Two points. First, it's important to distinguish between Democratic politicians (particularly
DLC-types), on the one hand, and rank-and-file Democrats, on the other. There's no doubt that the former are, as a whole, becoming increasingly out of touch with the poor they presume to represent, but I don't think the latter should be painted with this brush, since many of the latter
are the poor.
Second, I think it is a huge mistake to overlook to extent to which rank-and-file Democrats are at fault (at least indirectly) for the current state of affairs. Yes, many if not most Democratic politicians are becoming increasingly out of touch with the poor and increasingly
in touch with their corporate paymasters, but that, I respectfully submit, is an inevitable byproduct of the fact that rank-and-file Democrats have been out of touch with
each other -- largely because of
TV-addiction -- for decades. Their lack of involvement between campaign seasons is what created a power vacuum in the first place, so it was simply a matter of time before corporate elites (in the form of the Democratic "Leadership" Council) took full advantage of this vaccum.

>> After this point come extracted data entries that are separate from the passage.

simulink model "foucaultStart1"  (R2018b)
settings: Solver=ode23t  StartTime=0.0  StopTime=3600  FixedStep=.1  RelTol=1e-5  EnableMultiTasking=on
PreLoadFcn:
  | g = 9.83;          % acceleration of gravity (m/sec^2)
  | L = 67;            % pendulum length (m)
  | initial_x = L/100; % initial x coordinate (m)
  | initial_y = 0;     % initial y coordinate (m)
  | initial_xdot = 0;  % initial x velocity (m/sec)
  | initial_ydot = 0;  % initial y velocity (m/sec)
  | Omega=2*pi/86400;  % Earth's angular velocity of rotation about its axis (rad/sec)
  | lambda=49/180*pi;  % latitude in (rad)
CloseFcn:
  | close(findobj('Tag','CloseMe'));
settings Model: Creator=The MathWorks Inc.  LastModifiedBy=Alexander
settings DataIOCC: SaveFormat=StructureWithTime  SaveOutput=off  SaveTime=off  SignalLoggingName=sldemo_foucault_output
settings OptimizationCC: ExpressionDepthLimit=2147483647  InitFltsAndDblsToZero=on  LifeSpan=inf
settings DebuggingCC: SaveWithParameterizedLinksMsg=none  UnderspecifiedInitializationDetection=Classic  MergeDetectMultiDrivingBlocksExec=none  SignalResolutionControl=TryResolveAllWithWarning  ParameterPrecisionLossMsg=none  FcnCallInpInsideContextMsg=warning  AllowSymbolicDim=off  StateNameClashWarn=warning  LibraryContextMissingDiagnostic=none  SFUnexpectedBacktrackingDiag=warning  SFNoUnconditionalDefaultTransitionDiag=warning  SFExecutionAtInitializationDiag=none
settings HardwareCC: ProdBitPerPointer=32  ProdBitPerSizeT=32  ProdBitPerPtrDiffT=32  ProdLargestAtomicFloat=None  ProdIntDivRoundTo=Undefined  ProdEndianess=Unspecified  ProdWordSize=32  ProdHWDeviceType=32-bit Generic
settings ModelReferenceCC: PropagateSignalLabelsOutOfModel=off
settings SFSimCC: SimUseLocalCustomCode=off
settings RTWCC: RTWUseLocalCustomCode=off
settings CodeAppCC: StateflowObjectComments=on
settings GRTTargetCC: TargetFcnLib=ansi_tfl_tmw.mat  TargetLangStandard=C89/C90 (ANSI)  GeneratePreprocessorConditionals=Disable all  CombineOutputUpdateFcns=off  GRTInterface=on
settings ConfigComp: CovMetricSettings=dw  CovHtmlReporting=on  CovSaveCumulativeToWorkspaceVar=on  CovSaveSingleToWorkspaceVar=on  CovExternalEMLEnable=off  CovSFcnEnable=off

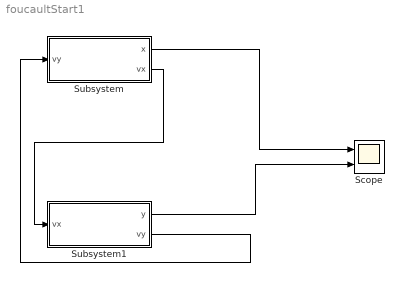
== system foucaultStart1 ==
  Scope : Scope  NumInputPorts=2
  Subsystem : Subsystem
  Subsystem1 : Subsystem
  wires:
  Subsystem/1(x) -> Scope/1
  Subsystem/2(vx) -> Subsystem1/1(vx)
  Subsystem1/2(vy) -> Subsystem/1("vy ")
  Subsystem1/1(y) -> Scope/2

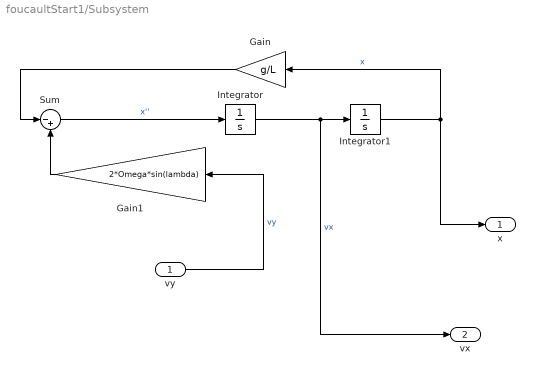
== system foucaultStart1/Subsystem ==
  "vy " : Inport
  Gain : Gain  Gain=g/L
  Gain1 : Gain  Gain=2*Omega*sin(lambda)
  Integrator : Integrator  InitialCondition=initial_xdot
  Integrator1 : Integrator  InitialCondition=initial_x
  Sum : Sum  Inputs=|-+
  x : Outport
  vx : Outport  Port=2
  wires:
  Gain1/1 -> Sum/2
  Integrator/1 -> vx/1, Integrator1/1  "vx"
  "vy "/1 -> Gain1/1  "vy"
  Gain/1 -> Sum/1
  Sum/1 -> Integrator/1  "x''"
  Integrator1/1 -> x/1, Gain/1  "x"

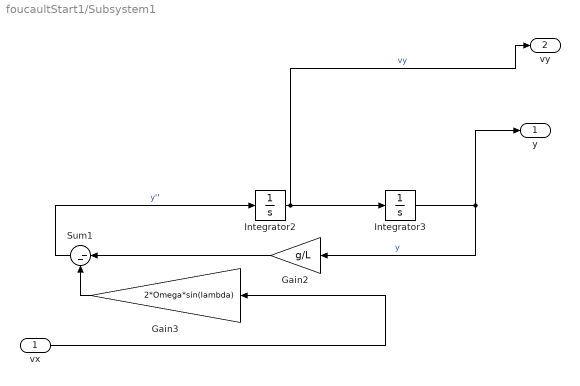
== system foucaultStart1/Subsystem1 ==
  vx : Inport
  Gain2 : Gain  Gain=g/L
  Gain3 : Gain  Gain=2*Omega*sin(lambda)
  Integrator2 : Integrator  InitialCondition=initial_ydot
  Integrator3 : Integrator  InitialCondition=initial_y
  Sum1 : Sum  Inputs=|--
  y : Outport
  vy : Outport  Port=2
  wires:
  vx/1 -> Gain3/1
  Sum1/1 -> Integrator2/1  "y''"
  Gain2/1 -> Sum1/1
  Integrator2/1 -> vy/1, Integrator3/1  "vy"
  Integrator3/1 -> y/1, Gain2/1  "y"
  Gain3/1 -> Sum1/2

I have to get up early, so in the interest of time, and to give everyone a clear idea of what I mean, allow me to post the following two excerpts:
"In politics a person is not a citizen if the person's only function is to vote. Voters choose people who, in turn, act like citizens. They argue. They establish the forms within which people live their lives. They make politics. The people who merely vote for them merely make politicians. People who argue for their positions in a town meeting are acting like citizens. People who simply drop scraps of paper in a box or pull a lever are not acting like citizens; they are acting like consumers picking between prepackaged items. They had nothing to do with the items. All they can do is pick what is. They cannot actively participate in making what should be." -- Karl Hess,
Community Technology, p. 10
"J. Hunter O'Dell, one of
King's early lieutenants in the movement, recognized the fixation with media developing among civil rights activists and lamented the consequences.
"'We all recognize that technologically this is a media age,' O'Dell wrote. 'But it was disastrous for us to rely primarily upon these corporate forms of mass communication to get our message and analysis out to the public....In the end, it means a new kind of addiction to media rather than being in charge of our own agenda and relying on mass support as our guarantee that ultimately the news-covering apparatus must give recognition to our authority.'
"O'Dell's point is that the civil rights movement acquired its 'authority' to articulate large political aspirations, not because network television came to Selma or Birmingham, but from the hundreds and even thousands of meetings in black churches, week after week, across the South over many years. The dramatic spectacles that appeared on TV were the product of those mobilizing sermons and dialogues, not the other way around.
"The movement's organizing processes, O'Dell noted, contained all of the functional elements of a responsible political organization -- mass education and communication as well as continuing accountability between the leaders and the supporting throngs. 'The power of any movement for democracy,' O'Dell emphasized, 'is always dependent on such reciprocal relations between the mass of people and their leadership.'
"These elements are missing, it seems, from much of the irregular citizens' politics that tries to emulate King's heroic model. Activists hold press conferences or arrange dramatic events to prod the political system. But patiently built reciprocal relationships between leaders and followers, the laborious tasks of education and communication, are often not even attempted. To be blunt, there is a hollowness behind many of the placards and politicians know it.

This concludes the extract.